- Exercise
Although pictures appear in the data, the answer should contain only the lines from its start through the line with "Controlled Voltage Source : fl_lib/Electrical/Electrical", written out exactly.

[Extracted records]
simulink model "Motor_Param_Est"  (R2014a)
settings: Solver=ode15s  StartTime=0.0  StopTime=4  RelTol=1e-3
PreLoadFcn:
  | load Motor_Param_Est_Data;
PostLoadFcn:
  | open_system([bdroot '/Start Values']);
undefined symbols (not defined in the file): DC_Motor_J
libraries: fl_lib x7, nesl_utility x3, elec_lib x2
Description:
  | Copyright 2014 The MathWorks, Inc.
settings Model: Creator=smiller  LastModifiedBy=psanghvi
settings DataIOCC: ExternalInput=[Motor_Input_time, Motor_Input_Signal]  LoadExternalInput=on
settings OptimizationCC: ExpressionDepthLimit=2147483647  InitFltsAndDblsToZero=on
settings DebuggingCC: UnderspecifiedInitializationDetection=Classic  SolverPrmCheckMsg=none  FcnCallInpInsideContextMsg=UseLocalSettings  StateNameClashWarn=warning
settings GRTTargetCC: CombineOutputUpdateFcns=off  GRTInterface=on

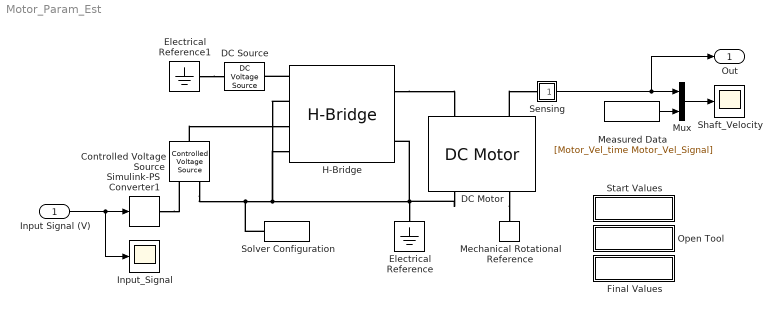
== system Motor_Param_Est ==
  Input Signal (V) : Inport
  Controlled Voltage Source : fl_lib/Electrical/Electrical Sources/Controlled Voltage Source
  DC Motor : elec_lib/Actuators & Drivers/Rotational Actuators/DC Motor  parameterization=1  Ra=DC_Motor_R Ohm  La=DC_Motor_L H  emf_or_torque=1  Kv=DC_Motor_K V/(rad/s)  Ki=6.876e-04 N*m/A  T_stall=2.4e-04 N*m  w_max=4000 rpm  w_rated=2500 rpm  P_rated=10 W  V_rated=12 V  J=DC_Motor_J kg*m^2  lam_param=1  lam=DC_Motor_B N*m/(rad/s)  i_noload=0 A  V_i_noload=1.5 V  speed0=0 rpm  alpha=0.00393 1/K  Tmeas=25 C  thermal_mass=100 J/K  initial_temperature=25 C
  DC Source : fl_lib/Electrical/Electrical Sources/DC Voltage Source  v0=2.5 V
  Electrical Reference : fl_lib/Electrical/Electrical Elements/Electrical Reference
  Electrical Reference1 : fl_lib/Electrical/Electrical Elements/Electrical Reference
  Final Values : Subsystem
      settings: OpenFcn=|
      | DC_Motor_R = 4.0162;
      | DC_Motor_L = 2.0536e-04;
      | DC_Motor_K = 1.0363;
      | DC_Motor_J	 = 0.1306;
      | DC_Motor_B = 1.0630;
      mask Display: disp('Final Values')
  H-Bridge : elec_lib/Actuators & Drivers/Drivers/H-Bridge  Venable=2.5 V  Vmax=5 V  Vreverse=2.5 V  Vbrake=2.5 V  Vm=12 V  pwm_or_av=2  discontinuous=0  freewheeling_mode=1  freewheeling_mode_disc=1  Ron=0.1 Ohm  Don=0.1 Ohm  Rload=10 Ohm  Lload=1e-5 H  F=10 kHz  w_vec=[1, 2] s  i_vec=[1, 2] A  vMatrix=[1, 2; 3, 4] V
  Input_Signal : Scope
      settings: TimeRange=4  YMin=-1  YMax=6  SaveName=DC_Motor_SN_SPE_Input  SampleTime=0.1
  Measured Data : FromWorkspace  VariableName=[Motor_Vel_time Motor_Vel_Signal]  SampleTime=0
  Mechanical Rotational Reference : fl_lib/Mechanical/Rotational Elements/Mechanical Rotational Reference
  Mux : Mux  Inputs=2
  Open Tool : Subsystem
      settings: OpenFcn=speload('Motor_Param_Est_Project', 'Project - Motor_Param_Est', 'Param Est 1');
      mask Display: disp('Open Tool')
  Sensing : Subsystem
      mask Display: disp('S');
  Shaft_Velocity : Scope
      settings: YMin=-1.5  YMax=1.5  SaveName=SS_DC_Motor_SPE_DATA
  Simulink-PS Converter1 : nesl_utility/Simulink-PS Converter  PhysicalDomain=network_engine_domain  SubClassName=ps_input  LeftPortType=input  RightPortType=output  PseudoPeriodic=off  Frequencies=[]  NoiseDistribution=none  NoiseParameters=[]  Unit=1  AffineConversion=off  InputFiltering=off  SimscapeFilterOrder=1  InputFilterTimeConstant=.001  UdotUserProvided=0
  Solver Configuration : nesl_utility/Solver Configuration  PhysicalDomain=network_engine_domain  SubClassName=solver  LeftPortType=input  RightPortType=generic  Accelerate=off  Tones=[]  Harmonics=[]  SimulateNoise=off  Profile=off  UseLocalSampling=off  EnableSwitchedLinearOptims=on  FrequencyDomain=off  UseCCode=off  RelTol=0.001  AbsTol=1e-06  MinStep=1e-09  ToWorkspace=off  DoDC=off  ResidualTolerance=1e-9  UseLocalSolver=off  LocalSolverChoice=NE_BACKWARD_EULER_ADVANCER  LocalSolverSampleTime=.001  DoFixedCost=off  MaxNonlinIter=12  MaxModeIter=2  LinearAlgebra=Sparse  DelaysMemoryBudget=1024  AutomaticFiltering=on  FilteringTimeConstant=0.001
  Start Values : Subsystem
      settings: OpenFcn=|
      | DC_Motor_R = 3;
      | DC_Motor_L = 0.0100;
      | DC_Motor_K = 0.0200;
      | DC_Motor_J	 = 0.0100;
      | DC_Motor_B = 0.5000;
      mask Display: disp('Start Values')
  Out : Outport
  wires:
  Input Signal (V)/1 -> Simulink-PS Converter1/1, Input_Signal/1
  Mux/1 -> Shaft_Velocity/1
  Measured Data/1 -> Mux/2
  Sensing/1(RPM) -> Mux/1, Out/1
  connections:
  DC Motor/RConn2 -- Mechanical Rotational Reference/LConn1
  H-Bridge/LConn1 -- DC Source/LConn1
  Simulink-PS Converter1/RConn1 -- Controlled Voltage Source/RConn1
  Controlled Voltage Source/LConn1 -- H-Bridge/LConn3
  H-Bridge/RConn1 -- DC Motor/LConn1
  Controlled Voltage Source/RConn2 -- Electrical Reference/LConn1 -- H-Bridge/RConn2 -- DC Motor/RConn1 -- H-Bridge/LConn2 -- H-Bridge/LConn4 -- Solver Configuration/RConn1
  Electrical Reference1/LConn1 -- DC Source/RConn1
  DC Motor/LConn2 -- Sensing/LConn1

== system Motor_Param_Est/Final Values ==

== system Motor_Param_Est/Open Tool ==

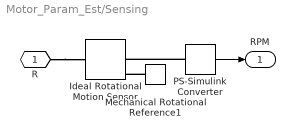
== system Motor_Param_Est/Sensing ==
  Ideal Rotational Motion Sensor : fl_lib/Mechanical/Mechanical Sensors/Ideal Rotational Motion Sensor  offset=0 deg
  Mechanical Rotational Reference1 : fl_lib/Mechanical/Rotational Elements/Mechanical Rotational Reference
  PS-Simulink Converter : nesl_utility/PS-Simulink Converter  PhysicalDomain=network_engine_domain  SubClassName=ps_output  LeftPortType=input  RightPortType=output  PseudoPeriodic=off  Frequencies=[]  Unit=1  AffineConversion=off
  R : PMIOPort  Port=1  Side=Left
  RPM : Outport
  wires:
  PS-Simulink Converter/1 -> RPM/1
  connections:
  PS-Simulink Converter/LConn1 -- Ideal Rotational Motion Sensor/RConn2
  R/RConn1 -- Ideal Rotational Motion Sensor/LConn1
  Mechanical Rotational Reference1/LConn1 -- Ideal Rotational Motion Sensor/RConn1

== system Motor_Param_Est/Start Values ==
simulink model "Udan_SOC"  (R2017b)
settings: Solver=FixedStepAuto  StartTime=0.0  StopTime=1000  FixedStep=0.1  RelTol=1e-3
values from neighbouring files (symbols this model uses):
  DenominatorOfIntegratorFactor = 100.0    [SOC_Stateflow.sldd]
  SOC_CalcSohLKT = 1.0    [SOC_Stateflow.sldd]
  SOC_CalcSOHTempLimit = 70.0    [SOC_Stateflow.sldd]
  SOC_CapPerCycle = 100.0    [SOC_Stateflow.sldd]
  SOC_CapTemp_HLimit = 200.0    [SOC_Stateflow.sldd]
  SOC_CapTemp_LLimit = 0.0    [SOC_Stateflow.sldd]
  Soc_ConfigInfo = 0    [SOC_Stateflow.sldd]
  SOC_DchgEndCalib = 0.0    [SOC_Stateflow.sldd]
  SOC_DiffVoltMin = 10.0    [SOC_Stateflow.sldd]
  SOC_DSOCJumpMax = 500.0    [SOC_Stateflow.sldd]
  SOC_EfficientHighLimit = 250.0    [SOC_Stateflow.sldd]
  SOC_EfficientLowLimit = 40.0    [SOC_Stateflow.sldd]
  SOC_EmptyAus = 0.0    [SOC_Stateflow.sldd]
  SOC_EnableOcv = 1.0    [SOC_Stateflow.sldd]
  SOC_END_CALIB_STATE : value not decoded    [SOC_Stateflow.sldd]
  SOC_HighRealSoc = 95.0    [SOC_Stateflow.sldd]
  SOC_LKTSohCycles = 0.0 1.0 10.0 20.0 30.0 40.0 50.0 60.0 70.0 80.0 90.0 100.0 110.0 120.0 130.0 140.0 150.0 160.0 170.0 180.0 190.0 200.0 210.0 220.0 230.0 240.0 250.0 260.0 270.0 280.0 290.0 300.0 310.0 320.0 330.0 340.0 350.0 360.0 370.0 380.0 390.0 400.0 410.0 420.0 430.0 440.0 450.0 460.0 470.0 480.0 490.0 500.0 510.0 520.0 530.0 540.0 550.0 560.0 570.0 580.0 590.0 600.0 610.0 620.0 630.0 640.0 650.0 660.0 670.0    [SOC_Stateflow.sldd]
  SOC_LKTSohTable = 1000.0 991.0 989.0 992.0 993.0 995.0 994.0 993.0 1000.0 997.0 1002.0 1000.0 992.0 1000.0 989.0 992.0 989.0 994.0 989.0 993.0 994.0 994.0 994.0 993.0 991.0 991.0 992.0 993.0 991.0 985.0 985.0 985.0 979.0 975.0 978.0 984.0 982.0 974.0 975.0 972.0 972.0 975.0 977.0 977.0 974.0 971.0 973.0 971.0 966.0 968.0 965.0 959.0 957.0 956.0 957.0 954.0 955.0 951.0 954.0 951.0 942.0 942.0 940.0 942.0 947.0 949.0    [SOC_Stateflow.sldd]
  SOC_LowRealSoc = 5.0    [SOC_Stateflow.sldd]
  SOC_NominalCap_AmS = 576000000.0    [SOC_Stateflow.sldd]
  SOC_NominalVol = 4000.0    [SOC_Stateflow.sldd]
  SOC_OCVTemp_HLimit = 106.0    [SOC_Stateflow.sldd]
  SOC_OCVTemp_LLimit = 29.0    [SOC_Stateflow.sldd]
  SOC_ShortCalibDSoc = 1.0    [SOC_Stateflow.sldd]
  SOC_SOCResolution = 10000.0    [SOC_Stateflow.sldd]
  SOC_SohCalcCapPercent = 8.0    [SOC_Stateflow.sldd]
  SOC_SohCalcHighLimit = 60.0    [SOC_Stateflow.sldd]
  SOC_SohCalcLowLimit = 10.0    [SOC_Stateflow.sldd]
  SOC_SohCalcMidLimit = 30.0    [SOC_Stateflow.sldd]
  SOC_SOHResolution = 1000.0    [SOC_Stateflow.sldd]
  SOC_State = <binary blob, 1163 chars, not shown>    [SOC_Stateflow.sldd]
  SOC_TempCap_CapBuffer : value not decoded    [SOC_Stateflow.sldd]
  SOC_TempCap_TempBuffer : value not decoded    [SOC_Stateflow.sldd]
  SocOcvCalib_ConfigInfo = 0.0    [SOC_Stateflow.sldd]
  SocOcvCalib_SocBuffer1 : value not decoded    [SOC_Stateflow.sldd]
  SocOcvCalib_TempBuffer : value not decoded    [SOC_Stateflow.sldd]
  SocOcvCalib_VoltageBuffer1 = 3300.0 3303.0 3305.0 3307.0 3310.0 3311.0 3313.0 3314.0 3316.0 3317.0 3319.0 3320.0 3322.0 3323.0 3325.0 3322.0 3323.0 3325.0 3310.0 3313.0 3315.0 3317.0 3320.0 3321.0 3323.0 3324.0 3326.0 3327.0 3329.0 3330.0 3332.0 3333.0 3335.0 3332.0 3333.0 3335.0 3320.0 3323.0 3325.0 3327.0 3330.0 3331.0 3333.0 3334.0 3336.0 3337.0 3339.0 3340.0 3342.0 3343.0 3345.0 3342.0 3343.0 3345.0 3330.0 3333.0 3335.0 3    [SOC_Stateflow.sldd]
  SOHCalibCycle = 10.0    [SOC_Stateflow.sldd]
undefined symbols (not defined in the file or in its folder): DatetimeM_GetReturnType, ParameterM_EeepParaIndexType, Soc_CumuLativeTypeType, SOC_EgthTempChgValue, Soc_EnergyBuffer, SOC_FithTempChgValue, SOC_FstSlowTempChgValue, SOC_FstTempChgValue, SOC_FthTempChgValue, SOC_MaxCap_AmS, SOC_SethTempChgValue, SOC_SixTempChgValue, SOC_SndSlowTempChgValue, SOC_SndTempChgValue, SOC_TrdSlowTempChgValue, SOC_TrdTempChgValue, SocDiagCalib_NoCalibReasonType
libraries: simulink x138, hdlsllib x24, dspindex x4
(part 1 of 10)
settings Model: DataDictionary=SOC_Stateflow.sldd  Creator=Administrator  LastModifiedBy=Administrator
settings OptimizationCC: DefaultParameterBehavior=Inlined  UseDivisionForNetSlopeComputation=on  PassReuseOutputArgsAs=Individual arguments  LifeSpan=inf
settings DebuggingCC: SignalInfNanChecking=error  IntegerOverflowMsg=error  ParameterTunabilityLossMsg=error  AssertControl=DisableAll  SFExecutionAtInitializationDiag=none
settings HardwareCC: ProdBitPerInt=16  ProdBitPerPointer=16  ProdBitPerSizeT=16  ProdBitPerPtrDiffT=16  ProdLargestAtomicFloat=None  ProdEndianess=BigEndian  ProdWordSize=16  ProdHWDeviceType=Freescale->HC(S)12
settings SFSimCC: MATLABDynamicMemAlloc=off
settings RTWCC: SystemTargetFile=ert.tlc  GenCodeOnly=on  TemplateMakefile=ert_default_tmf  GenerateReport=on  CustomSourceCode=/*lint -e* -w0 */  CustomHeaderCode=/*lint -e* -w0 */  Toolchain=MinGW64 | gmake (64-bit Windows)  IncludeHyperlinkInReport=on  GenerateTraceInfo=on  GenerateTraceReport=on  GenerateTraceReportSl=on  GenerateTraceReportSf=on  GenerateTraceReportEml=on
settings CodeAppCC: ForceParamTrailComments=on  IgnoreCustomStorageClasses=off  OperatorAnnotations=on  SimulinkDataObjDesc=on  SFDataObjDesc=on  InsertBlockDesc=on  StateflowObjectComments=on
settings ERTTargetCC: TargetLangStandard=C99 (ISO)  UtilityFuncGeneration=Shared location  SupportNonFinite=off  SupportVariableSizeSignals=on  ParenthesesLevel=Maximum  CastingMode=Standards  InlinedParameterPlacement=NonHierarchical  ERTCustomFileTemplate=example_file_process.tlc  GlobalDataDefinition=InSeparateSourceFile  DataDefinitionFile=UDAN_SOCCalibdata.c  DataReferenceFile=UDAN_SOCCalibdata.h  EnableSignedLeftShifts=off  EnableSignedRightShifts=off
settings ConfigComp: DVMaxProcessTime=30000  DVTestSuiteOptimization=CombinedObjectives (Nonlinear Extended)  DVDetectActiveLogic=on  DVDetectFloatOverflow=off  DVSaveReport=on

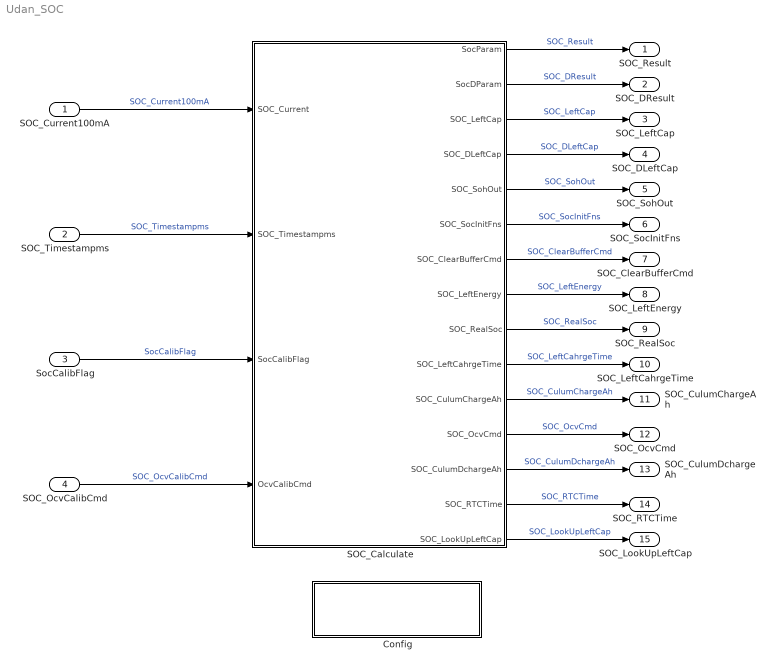
== system Udan_SOC ==
  SOC_Current100mA : Inport
  SOC_Timestampms : Inport  Port=2  OutDataTypeStr=uint32  PortDimensions=[1]
  SocCalibFlag : Inport  Port=3  OutDataTypeStr=uint8  PortDimensions=[1]
  SOC_OcvCalibCmd : Inport  Port=4
  Config : Subsystem
      mask help: 打开Ocv-Soc的电压曲线
      settings: OpenFcn=run('BlockConfig.m')
      mask Display: disp('双击完成Configuration配置')
  SOC_Calculate : Subsystem  TreatAsAtomicUnit=on  RTWFcnName=SOC_Calculate
      settings: RTWSystemCode=Nonreusable function  RTWFcnNameOpts=User specified
  SOC_Result : Outport
  SOC_DResult : Outport  Port=2
  SOC_LeftCap : Outport  Port=3
  SOC_DLeftCap : Outport  Port=4
  SOC_SohOut : Outport  Port=5
  SOC_SocInitFns : Outport  Port=6
  SOC_ClearBufferCmd : Outport  Port=7
  SOC_LeftEnergy : Outport  Port=8
  SOC_RealSoc : Outport  Port=9
  SOC_LeftCahrgeTime : Outport  Port=10
  SOC_CulumChargeAh : Outport  Port=11
  SOC_OcvCmd : Outport  Port=12
  SOC_CulumDchargeAh : Outport  Port=13
  SOC_RTCTime : Outport  Port=14
  SOC_LookUpLeftCap : Outport  Port=15
  wires:
  SOC_Calculate/1(SocParam) -> SOC_Result/1  "SOC_Result"
  SOC_Calculate/2(SocDParam) -> SOC_DResult/1  "SOC_DResult"
  SOC_Calculate/4(SOC_DLeftCap) -> SOC_DLeftCap/1  "SOC_DLeftCap"
  SOC_Calculate/3(SOC_LeftCap) -> SOC_LeftCap/1  "SOC_LeftCap"
  SOC_Current100mA/1 -> SOC_Calculate/1(SOC_Current)  "SOC_Current100mA"
  SOC_Calculate/5(SOC_SohOut) -> SOC_SohOut/1  "SOC_SohOut"
  SOC_Calculate/6(SOC_SocInitFns) -> SOC_SocInitFns/1  "SOC_SocInitFns"
  SOC_Timestampms/1 -> SOC_Calculate/2(SOC_Timestampms)  "SOC_Timestampms"
  SocCalibFlag/1 -> SOC_Calculate/3(SocCalibFlag)  "SocCalibFlag"
  SOC_Calculate/7(SOC_ClearBufferCmd) -> SOC_ClearBufferCmd/1  "SOC_ClearBufferCmd"
  SOC_Calculate/8(SOC_LeftEnergy) -> SOC_LeftEnergy/1  "SOC_LeftEnergy"
  SOC_Calculate/9(SOC_RealSoc) -> SOC_RealSoc/1  "SOC_RealSoc"
  SOC_Calculate/10(SOC_LeftCahrgeTime) -> SOC_LeftCahrgeTime/1  "SOC_LeftCahrgeTime"
  SOC_Calculate/11(SOC_CulumChargeAh) -> SOC_CulumChargeAh/1  "SOC_CulumChargeAh"
  SOC_Calculate/12(SOC_OcvCmd) -> SOC_OcvCmd/1  "SOC_OcvCmd"
  SOC_Calculate/13(SOC_CulumDchargeAh) -> SOC_CulumDchargeAh/1  "SOC_CulumDchargeAh"
  SOC_Calculate/14(SOC_RTCTime) -> SOC_RTCTime/1  "SOC_RTCTime"
  SOC_Calculate/15(SOC_LookUpLeftCap) -> SOC_LookUpLeftCap/1  "SOC_LookUpLeftCap"
  SOC_OcvCalibCmd/1 -> SOC_Calculate/4(OcvCalibCmd)  "SOC_OcvCalibCmd"

== system Udan_SOC/Config ==

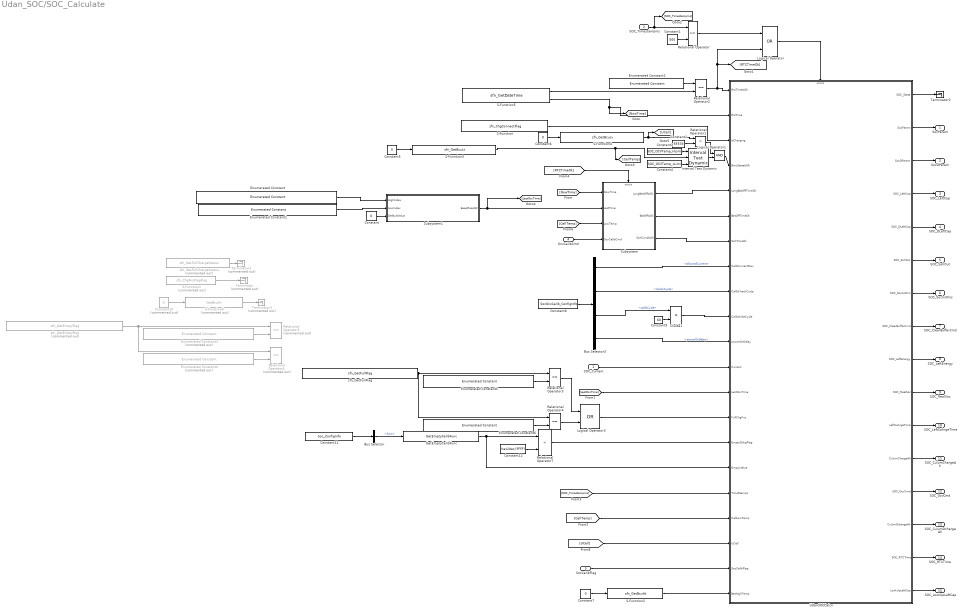
== system Udan_SOC/SOC_Calculate ==
  SOC_Current : Inport
  SOC_Timestampms : Inport  Port=2  OutDataTypeStr=uint32  PortDimensions=[1]
  SocCalibFlag : Inport  Port=3  OutDataTypeStr=uint8  PortDimensions=[1]
  OcvCalibCmd : Inport  Port=4
  Bus Selector : BusSelector  OutputSignals=func
  Bus Selector3 : BusSelector  OutputSignals=allowedCurrent,checkCycle,calibCycle,powerOnDelay
  Constant : Constant  Value=0  OutDataTypeStr=uint32
  Constant1 : Constant  Value=500  OutDataTypeStr=uint16
  Constant10 : Constant  Commented=on  Value=0  OutDataTypeStr=uint8
  Constant11 : Constant  Value=Soc_ConfigInfo  OutDataTypeStr=Bus: Soc_ConfigInfoType
  Constant12 : Constant  Value=hex2dec('FFFF')
  Constant2 : Constant  Value=65534  OutDataTypeStr=uint16
  Constant3 : Constant  Value=SOC_OCVTemp_HLimit  OutDataTypeStr=uint8
  Constant4 : Constant  Value=SOC_OCVTemp_LLimit  OutDataTypeStr=uint8
  Constant5 : Constant  Value=0  OutDataTypeStr=uint8
  Constant6 : Constant  Value=0  OutDataTypeStr=uint8
  Constant7 : Constant  Value=0  OutDataTypeStr=uint8
  Constant8 : Constant  Value=SocOcvCalib_ConfigInfo  OutDataTypeStr=Bus: SocOcvCalib_ConfigType
  Constant9 : Constant  Value=60  OutDataTypeStr=uint8
  Divide1 : Product  Inputs=**  OutDataTypeStr=uint32
  Enumerated Constant : simulink/Sources/Enumerated Constant  OutDataTypeStr=Enum: ParameterM_EeepParaIndexType  Value=ParameterM_EeepParaIndexType.PARAMETERM_EEEP_OCVSOC_TIME_HIGH_INDEX  SampleTime=inf
      settings: SourceProductName=Simulink
  Enumerated Constant1 : simulink/Sources/Enumerated Constant  OutDataTypeStr=Enum: ParameterM_EeepParaIndexType  Value=ParameterM_EeepParaIndexType.PARAMETERM_EEEP_OCVSOC_TIME_LOW_INDEX  SampleTime=inf
      settings: SourceProductName=Simulink
  Enumerated Constant2 : simulink/Sources/Enumerated Constant  OutDataTypeStr=Enum: DatetimeM_GetReturnType  Value=DatetimeM_GetReturnType.DATETIME_TRUSTY  SampleTime=inf
      settings: SourceProductName=Simulink
  Enumerated Constant3 : simulink/Sources/Enumerated Constant  Commented=on  OutDataTypeStr=Enum: SocDiagCalib_NoCalibReasonType  Value=SocDiagCalib_NoCalibReasonType.SOC_NO_CALIB_REASON_NORMAL  SampleTime=inf
      settings: SourceProductName=Simulink
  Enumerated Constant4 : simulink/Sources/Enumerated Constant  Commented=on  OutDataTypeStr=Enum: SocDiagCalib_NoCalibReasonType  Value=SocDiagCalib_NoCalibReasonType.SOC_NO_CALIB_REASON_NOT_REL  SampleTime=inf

- Problem solution
simulink model "Motor_Param_Est"  (R2014a)
settings: Solver=ode15s  StartTime=0.0  StopTime=4  RelTol=1e-3
PreLoadFcn:
  | load Motor_Param_Est_Data;
PostLoadFcn:
  | open_system([bdroot '/Start Values']);
undefined symbols (not defined in the file): DC_Motor_J
libraries: fl_lib x7, nesl_utility x3, elec_lib x2
Description:
  | Copyright 2014 The MathWorks, Inc.
settings Model: Creator=smiller  LastModifiedBy=psanghvi
settings DataIOCC: ExternalInput=[Motor_Input_time, Motor_Input_Signal]  LoadExternalInput=on
settings OptimizationCC: ExpressionDepthLimit=2147483647  InitFltsAndDblsToZero=on
settings DebuggingCC: UnderspecifiedInitializationDetection=Classic  SolverPrmCheckMsg=none  FcnCallInpInsideContextMsg=UseLocalSettings  StateNameClashWarn=warning
settings GRTTargetCC: CombineOutputUpdateFcns=off  GRTInterface=on

== system Motor_Param_Est ==
  Input Signal (V) : Inport
  Controlled Voltage Source : fl_lib/Electrical/Electrical Sources/Controlled Voltage Source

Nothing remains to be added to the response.